- Born: Ernest Archibald Maynard Wright 24 February 1908 Kalgoorlie, Western Australia
- Died: 13 September 1985 (aged 77) Bangkok, Thailand
- Occupations: Accountant; geologist; entrepreneur
- Known for: Wright Prospecting
- Spouse: Pauline McClemans ​ ​(m. 1932⁠–⁠1985)​
- Children: Angela Bennett; Michael Wright (1937–2012); Julian Wright;

= Peter Wright (mining entrepreneur) =

Australian businessperson (1908–1985)

Ernest Archibald Maynard "Peter" Wright (24 February 1908 – 13 September 1985) was an Australian mining entrepreneur. He was best known as the business partner of Lang Hancock. After his death, his estate became worth over AUD1 billion.

==Early life and education==
Wright was born in Kalgoorlie to parents who were originally from Victoria. The family moved to Perth at a young age and Wright was educated at several schools, including Hale School. He left school before graduating.

In 1932 he married Pauline McClemans, daughter of William McClemans, an Anglican clergyman who founded Christ Church Grammar School.

==Business career==
After leaving school, he joined the Bank of New South Wales. In 1930 he qualified as an accountant and set up his own accountancy firm. In 1938 he became general manager of his father's firm F. W. Wright & Co, later becoming managing director when it became Wright Ltd in 1949.

During the late 1930s, Wright joined with Lang Hancock, a former schoolmate, in a mining venture in the north-west of Western Australia, beginning a partnership that lasted for several decades, named Hanwright. One of the partnership's early ventures was an asbestos mine at , Western Australia. Hanwright and Rio Tinto reached agreement in the 1960s, where Hanwright secured 2.5 percent share in all iron ore sold from its Pilbara discoveries. In 2023, Wright's descendants commenced civil legal action in the WA Supreme Court on behalf of Wright Prospecting against Hancock Prospecting. Wright Prospecting claimed that the agreement between Hancock and Wright included a division of certain Hanwright assets, assigning some to Wright Prospecting and others to Hancock Prospecting. Wright Prospecting sought its half of the partnership's 2.5 percent in royalties — or 1.25 percent of all profits made, likely to be worth several hundred million dollars. Wright Prospecting also argued that Hope Downs 4, 5 and 6 was a shared Hanwright asset — worth billions of dollars.
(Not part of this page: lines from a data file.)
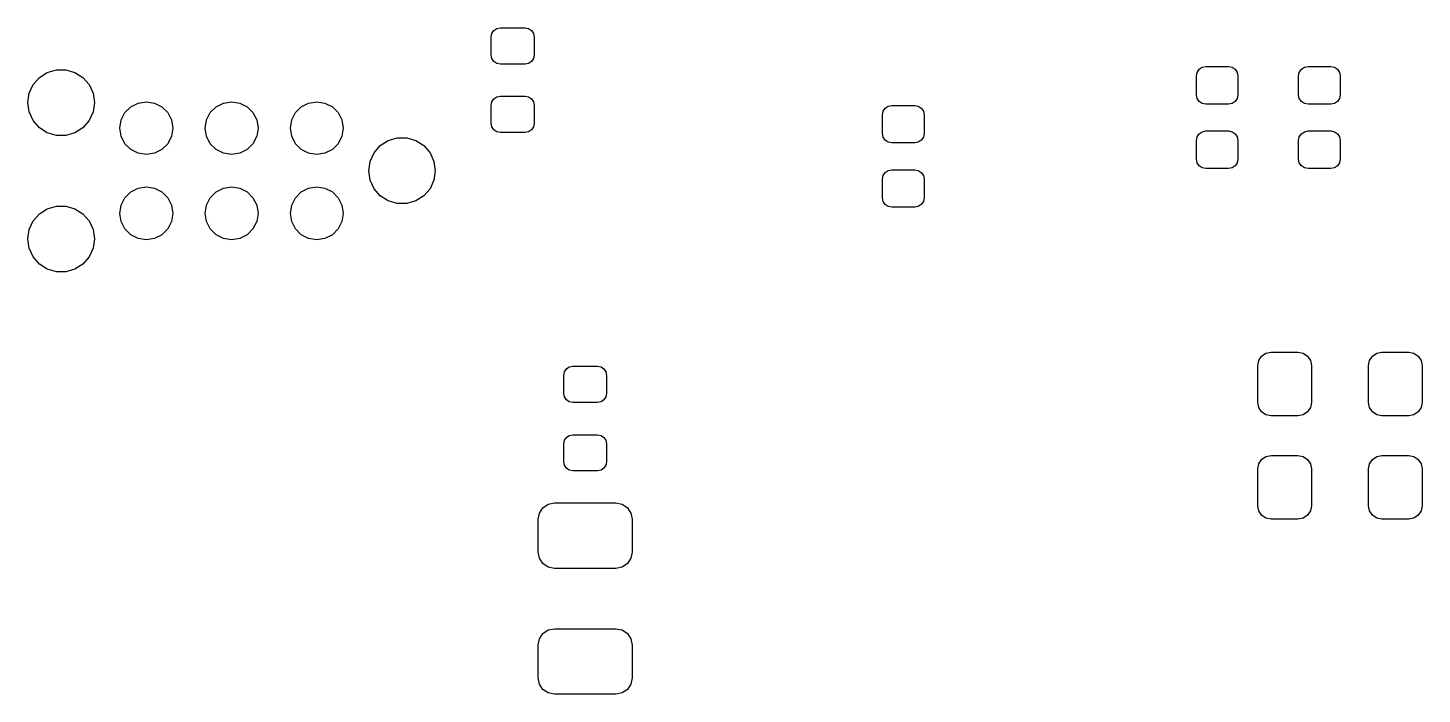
# Model space of a CAD drawing. Extents: x 51 to 259, y -147 to -37.
# Drawn here: x 99.25 to 120.03, y -128.95 to -119.01 of the extents above; entities that cross this region are included whole.
import ezdxf

# ---------------------------------------------------------------- set-up
doc = ezdxf.new("R2010")
doc.units = 0
doc.layers.add('BLACK', color=7, linetype='CONTINUOUS')

msp = doc.modelspace()

# ---------------------------------------------------------------- linework, layer by layer
at = {"layer": 'BLACK', "linetype": 'CONTINUOUS'}
for p, q in [((106.19603, -119.053107), (106.239827, -119.023842)), ((106.239827, -119.023842), (106.291489, -119.013566)), ((106.291489, -119.013566), (106.661489, -119.013566)), ((106.661489, -119.013566), (106.713151, -119.023842)), ((106.713151, -119.023842), (106.756948, -119.053107)), ((106.156489, -119.148566), (106.166765, -119.096904)), ((106.156489, -119.418566), (106.156489, -119.148566)), ((106.166765, -119.096904), (106.19603, -119.053107)), ((106.756948, -119.053107), (106.786213, -119.096904)), ((106.786213, -119.096904), (106.796489, -119.148566)), ((106.796489, -119.148566), (106.796489, -119.418566)), ((106.166765, -119.470228), (106.156489, -119.418566)), ((106.796489, -119.418566), (106.786213, -119.470228)), ((99.540734, -119.677025), (99.676, -119.637307)), ((99.676, -119.637307), (99.816978, -119.637307)), ((99.816978, -119.637307), (99.952244, -119.677025)), ((106.19603, -119.514025), (106.166765, -119.470228)), ((106.239827, -119.54329), (106.19603, -119.514025)), ((106.291489, -119.553566), (106.239827, -119.54329)), ((106.661489, -119.553566), (106.291489, -119.553566)), ((106.713151, -119.54329), (106.661489, -119.553566)), ((106.756948, -119.514025), (106.713151, -119.54329)), ((106.786213, -119.470228), (106.756948, -119.514025)), ((116.672896, -119.67699), (116.703244, -119.631571)), ((116.703244, -119.631571), (116.748663, -119.601223)), ((116.748663, -119.601223), (116.802239, -119.590566)), ((116.802239, -119.590566), (117.142239, -119.590566)), ((117.142239, -119.590566), (117.195815, -119.601223)), ((117.195815, -119.601223), (117.241234, -119.631571)), ((117.241234, -119.631571), (117.271582, -119.67699)), ((118.196896, -119.67699), (118.227244, -119.631571)), ((118.227244, -119.631571), (118.272663, -119.601223)), ((118.272663, -119.601223), (118.326239, -119.590566)), ((118.326239, -119.590566), (118.666239, -119.590566)), ((118.666239, -119.590566), (118.719815, -119.601223)), ((118.719815, -119.601223), (118.765234, -119.631571)), ((118.765234, -119.631571), (118.795582, -119.67699)), ((99.271252, -119.988024), (99.329816, -119.859787)), ((99.329816, -119.859787), (99.422136, -119.753243)), ((99.422136, -119.753243), (99.540734, -119.677025)), ((99.952244, -119.677025), (100.070842, -119.753243)), ((100.070842, -119.753243), (100.163162, -119.859787)), ((100.163162, -119.859787), (100.221726, -119.988024)), ((116.662239, -119.730566), (116.672896, -119.67699)), ((116.662239, -120.010566), (116.662239, -119.730566)), ((117.271582, -119.67699), (117.282239, -119.730566)), ((117.282239, -119.730566), (117.282239, -120.010566)), ((118.186239, -119.730566), (118.196896, -119.67699)), ((118.186239, -120.010566), (118.186239, -119.730566)), ((118.795582, -119.67699), (118.806239, -119.730566)), ((118.806239, -119.730566), (118.806239, -120.010566)), ((99.251189, -120.127566), (99.271252, -119.988024)), ((100.221726, -119.988024), (100.241789, -120.127566)), ((106.166765, -120.116904), (106.19603, -120.073107)), ((106.19603, -120.073107), (106.239827, -120.043842)), ((106.239827, -120.043842), (106.291489, -120.033566)), ((106.291489, -120.033566), (106.661489, -120.033566)), ((106.661489, -120.033566), (106.713151, -120.043842)), ((106.713151, -120.043842), (106.756948, -120.073107)), ((106.756948, -120.073107), (106.786213, -120.116904)), ((116.672896, -120.064142), (116.662239, -120.010566)), ((116.703244, -120.109561), (116.672896, -120.064142)), ((117.271582, -120.064142), (117.241234, -120.109561)), ((117.282239, -120.010566), (117.271582, -120.064142)), ((118.196896, -120.064142), (118.186239, -120.010566)), ((118.227244, -120.109561), (118.196896, -120.064142)), ((118.795582, -120.064142), (118.765234, -120.109561)), ((118.806239, -120.010566), (118.795582, -120.064142)), ((99.271252, -120.267108), (99.251189, -120.127566)), ((99.329816, -120.395345), (99.271252, -120.267108)), ((100.221726, -120.267108), (100.163162, -120.395345)), ((100.241789, -120.127566), (100.221726, -120.267108)), ((100.642058, -120.386906), (100.697979, -120.277155)), ((100.697979, -120.277155), (100.785078, -120.190056)), ((100.785078, -120.190056), (100.894829, -120.134135)), ((100.894829, -120.134135), (101.016489, -120.114866)), ((101.016489, -120.114866), (101.138149, -120.134135)), ((101.138149, -120.134135), (101.2479, -120.190056)), ((101.2479, -120.190056), (101.334999, -120.277155)), ((101.334999, -120.277155), (101.39092, -120.386906)), ((101.912058, -120.386906), (101.967979, -120.277155)), ((101.967979, -120.277155), (102.055078, -120.190056)), ((102.055078, -120.190056), (102.164829, -120.134135)), ((102.164829, -120.134135), (102.286489, -120.114866)), ((102.286489, -120.114866), (102.408149, -120.134135)), ((102.408149, -120.134135), (102.5179, -120.190056)), ((102.5179, -120.190056), (102.604999, -120.277155)), ((102.604999, -120.277155), (102.66092, -120.386906)), ((103.182058, -120.386906), (103.237979, -120.277155)), ((103.237979, -120.277155), (103.325078, -120.190056)), ((103.325078, -120.190056), (103.434829, -120.134135)), ((103.434829, -120.134135), (103.556489, -120.114866)), ((103.556489, -120.114866), (103.678149, -120.134135)), ((103.678149, -120.134135), (103.7879, -120.190056)), ((103.7879, -120.190056), (103.874999, -120.277155)), ((103.874999, -120.277155), (103.93092, -120.386906)), ((106.156489, -120.168566), (106.166765, -120.116904)), ((106.156489, -120.438566), (106.156489, -120.168566)), ((106.786213, -120.116904), (106.796489, -120.168566)), ((106.796489, -120.168566), (106.796489, -120.438566)), ((111.985287, -120.308482), (111.995944, -120.254906)), ((111.995944, -120.254906), (112.026292, -120.209487)), ((112.026292, -120.209487), (112.071711, -120.179139)), ((112.071711, -120.179139), (112.125287, -120.168482)), ((112.125287, -120.168482), (112.465287, -120.168482)), ((112.465287, -120.168482), (112.518863, -120.179139)), ((112.518863, -120.179139), (112.564282, -120.209487)), ((112.564282, -120.209487), (112.59463, -120.254906)), ((112.59463, -120.254906), (112.605287, -120.308482)), ((116.748663, -120.139909), (116.703244, -120.109561)), ((116.802239, -120.150566), (116.748663, -120.139909)), ((117.142239, -120.150566), (116.802239, -120.150566)), ((117.195815, -120.139909), (117.142239, -120.150566)), ((117.241234, -120.109561), (117.195815, -120.139909)), ((118.272663, -120.139909), (118.227244, -120.109561)), ((118.326239, -120.150566), (118.272663, -120.139909)), ((118.666239, -120.150566), (118.326239, -120.150566)), ((118.719815, -120.139909), (118.666239, -120.150566)), ((118.765234, -120.109561), (118.719815, -120.139909)), ((99.422136, -120.501889), (99.329816, -120.395345)), ((100.163162, -120.395345), (100.070842, -120.501889)), ((100.622789, -120.508566), (100.642058, -120.386906)), ((101.39092, -120.386906), (101.410189, -120.508566)), ((101.892789, -120.508566), (101.912058, -120.386906)), ((102.66092, -120.386906), (102.680189, -120.508566)), ((103.162789, -120.508566), (103.182058, -120.386906)), ((103.93092, -120.386906), (103.950189, -120.508566)), ((106.166765, -120.490228), (106.156489, -120.438566)), ((106.19603, -120.534025), (106.166765, -120.490228)), ((106.786213, -120.490228), (106.756948, -120.534025)), ((106.796489, -120.438566), (106.786213, -120.490228)), ((111.985287, -120.588482), (111.985287, -120.308482)), ((112.605287, -120.308482), (112.605287, -120.588482)), ((99.540734, -120.578107), (99.422136, -120.501889)), ((99.676, -120.617825), (99.540734, -120.578107)), ((99.816978, -120.617825), (99.676, -120.617825)), ((99.952244, -120.578107), (99.816978, -120.617825)), ((100.070842, -120.501889), (99.952244, -120.578107)), ((100.642058, -120.630226), (100.622789, -120.508566)), ((100.697979, -120.739977), (100.642058, -120.630226)), ((101.39092, -120.630226), (101.334999, -120.739977)), ((101.410189, -120.508566), (101.39092, -120.630226)), ((101.912058, -120.630226), (101.892789, -120.508566)), ((101.967979, -120.739977), (101.912058, -120.630226)), ((102.66092, -120.630226), (102.604999, -120.739977)), ((102.680189, -120.508566), (102.66092, -120.630226)), ((103.182058, -120.630226), (103.162789, -120.508566)), ((103.237979, -120.739977), (103.182058, -120.630226)), ((103.93092, -120.630226), (103.874999, -120.739977)), ((103.950189, -120.508566), (103.93092, -120.630226)), ((104.502136, -120.769243), (104.620734, -120.693025)), ((104.620734, -120.693025), (104.756, -120.653307)), ((104.756, -120.653307), (104.896978, -120.653307)), ((104.896978, -120.653307), (105.032244, -120.693025)), ((105.032244, -120.693025), (105.150842, -120.769243)), ((106.239827, -120.56329), (106.19603, -120.534025)), ((106.291489, -120.573566), (106.239827, -120.56329)), ((106.661489, -120.573566), (106.291489, -120.573566)), ((106.713151, -120.56329), (106.661489, -120.573566)), ((106.756948, -120.534025), (106.713151, -120.56329)), ((111.995944, -120.642058), (111.985287, -120.588482)), ((112.026292, -120.687477), (111.995944, -120.642058)), ((112.071711, -120.717825), (112.026292, -120.687477)), ((112.564282, -120.687477), (112.518863, -120.717825)), ((112.59463, -120.642058), (112.564282, -120.687477)), ((112.605287, -120.588482), (112.59463, -120.642058)), ((116.662239, -120.690566), (116.672896, -120.63699)), ((116.662239, -120.970566), (116.662239, -120.690566)), ((116.672896, -120.63699), (116.703244, -120.591571)), ((116.703244, -120.591571), (116.748663, -120.561223)), ((116.748663, -120.561223), (116.802239, -120.550566)), ((116.802239, -120.550566), (117.142239, -120.550566)), ((117.142239, -120.550566), (117.195815, -120.561223)), ((117.195815, -120.561223), (117.241234, -120.591571)), ((117.241234, -120.591571), (117.271582, -120.63699)), ((117.271582, -120.63699), (117.282239, -120.690566)), ((117.282239, -120.690566), (117.282239, -120.970566)), ((118.186239, -120.690566), (118.196896, -120.63699)), ((118.186239, -120.970566), (118.186239, -120.690566)), ((118.196896, -120.63699), (118.227244, -120.591571)), ((118.227244, -120.591571), (118.272663, -120.561223)), ((118.272663, -120.561223), (118.326239, -120.550566)), ((118.326239, -120.550566), (118.666239, -120.550566)), ((118.666239, -120.550566), (118.719815, -120.561223)), ((118.719815, -120.561223), (118.765234, -120.591571)), ((118.765234, -120.591571), (118.795582, -120.63699)), ((118.795582, -120.63699), (118.806239, -120.690566)), ((118.806239, -120.690566), (118.806239, -120.970566)), ((100.785078, -120.827076), (100.697979, -120.739977)), ((100.894829, -120.882997), (100.785078, -120.827076)), ((101.016489, -120.902266), (100.894829, -120.882997)), ((101.138149, -120.882997), (101.016489, -120.902266)), ((101.2479, -120.827076), (101.138149, -120.882997)), ((101.334999, -120.739977), (101.2479, -120.827076)), ((102.055078, -120.827076), (101.967979, -120.739977)), ((102.164829, -120.882997), (102.055078, -120.827076)), ((102.286489, -120.902266), (102.164829, -120.882997)), ((102.408149, -120.882997), (102.286489, -120.902266)), ((102.5179, -120.827076), (102.408149, -120.882997)), ((102.604999, -120.739977), (102.5179, -120.827076)), ((103.325078, -120.827076), (103.237979, -120.739977)), ((103.434829, -120.882997), (103.325078, -120.827076)), ((103.556489, -120.902266), (103.434829, -120.882997)), ((103.678149, -120.882997), (103.556489, -120.902266)), ((103.7879, -120.827076), (103.678149, -120.882997)), ((103.874999, -120.739977), (103.7879, -120.827076)), ((104.351252, -121.004024), (104.409816, -120.875787)), ((104.409816, -120.875787), (104.502136, -120.769243)), ((105.150842, -120.769243), (105.243162, -120.875787)), ((105.243162, -120.875787), (105.301726, -121.004024)), ((112.125287, -120.728482), (112.071711, -120.717825)), ((112.465287, -120.728482), (112.125287, -120.728482)), ((112.518863, -120.717825), (112.465287, -120.728482)), ((104.331189, -121.143566), (104.351252, -121.004024)), ((105.301726, -121.004024), (105.321789, -121.143566)), ((116.672896, -121.024142), (116.662239, -120.970566)), ((116.703244, -121.069561), (116.672896, -121.024142)), ((116.748663, -121.099909), (116.703244, -121.069561)), ((116.802239, -121.110566), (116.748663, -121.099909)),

In 1969 Wright and Hancock commenced publication in Perth of a weekly newspaper The Sunday Independent principally to help further their mining interests. Hancock largely relinquishing his interest in it in the early 70s but Wright continued publishing it until selling it to owners of The Truth in 1984.

==Death and legacy==
Wright died in 1985 in Bangkok, Thailand while travelling home to Perth from Europe. He was cremated at Karrakatta Cemetery.

Prior to his death, in 1985 the Business Review Weekly (BRW) estimated his net worth at AUD50 million. By 2013, the magazine valued his family's net worth at AUD1.53 billion. The rise in the value was largely a result of royalty agreements signed by Hancock and Wright during the 1960s. The agreements entitled Hancock and Wright 2.5 percent of revenue generated by Rio Tinto's Hamersley Iron mines. As of May 2023, Wright's daughter, Angela Bennett, had a net worth of AUD4.63 billion and his granddaughters, Alexandra Burt and Leonie Baldock, had an assessed net worth of AUD3.85 billion.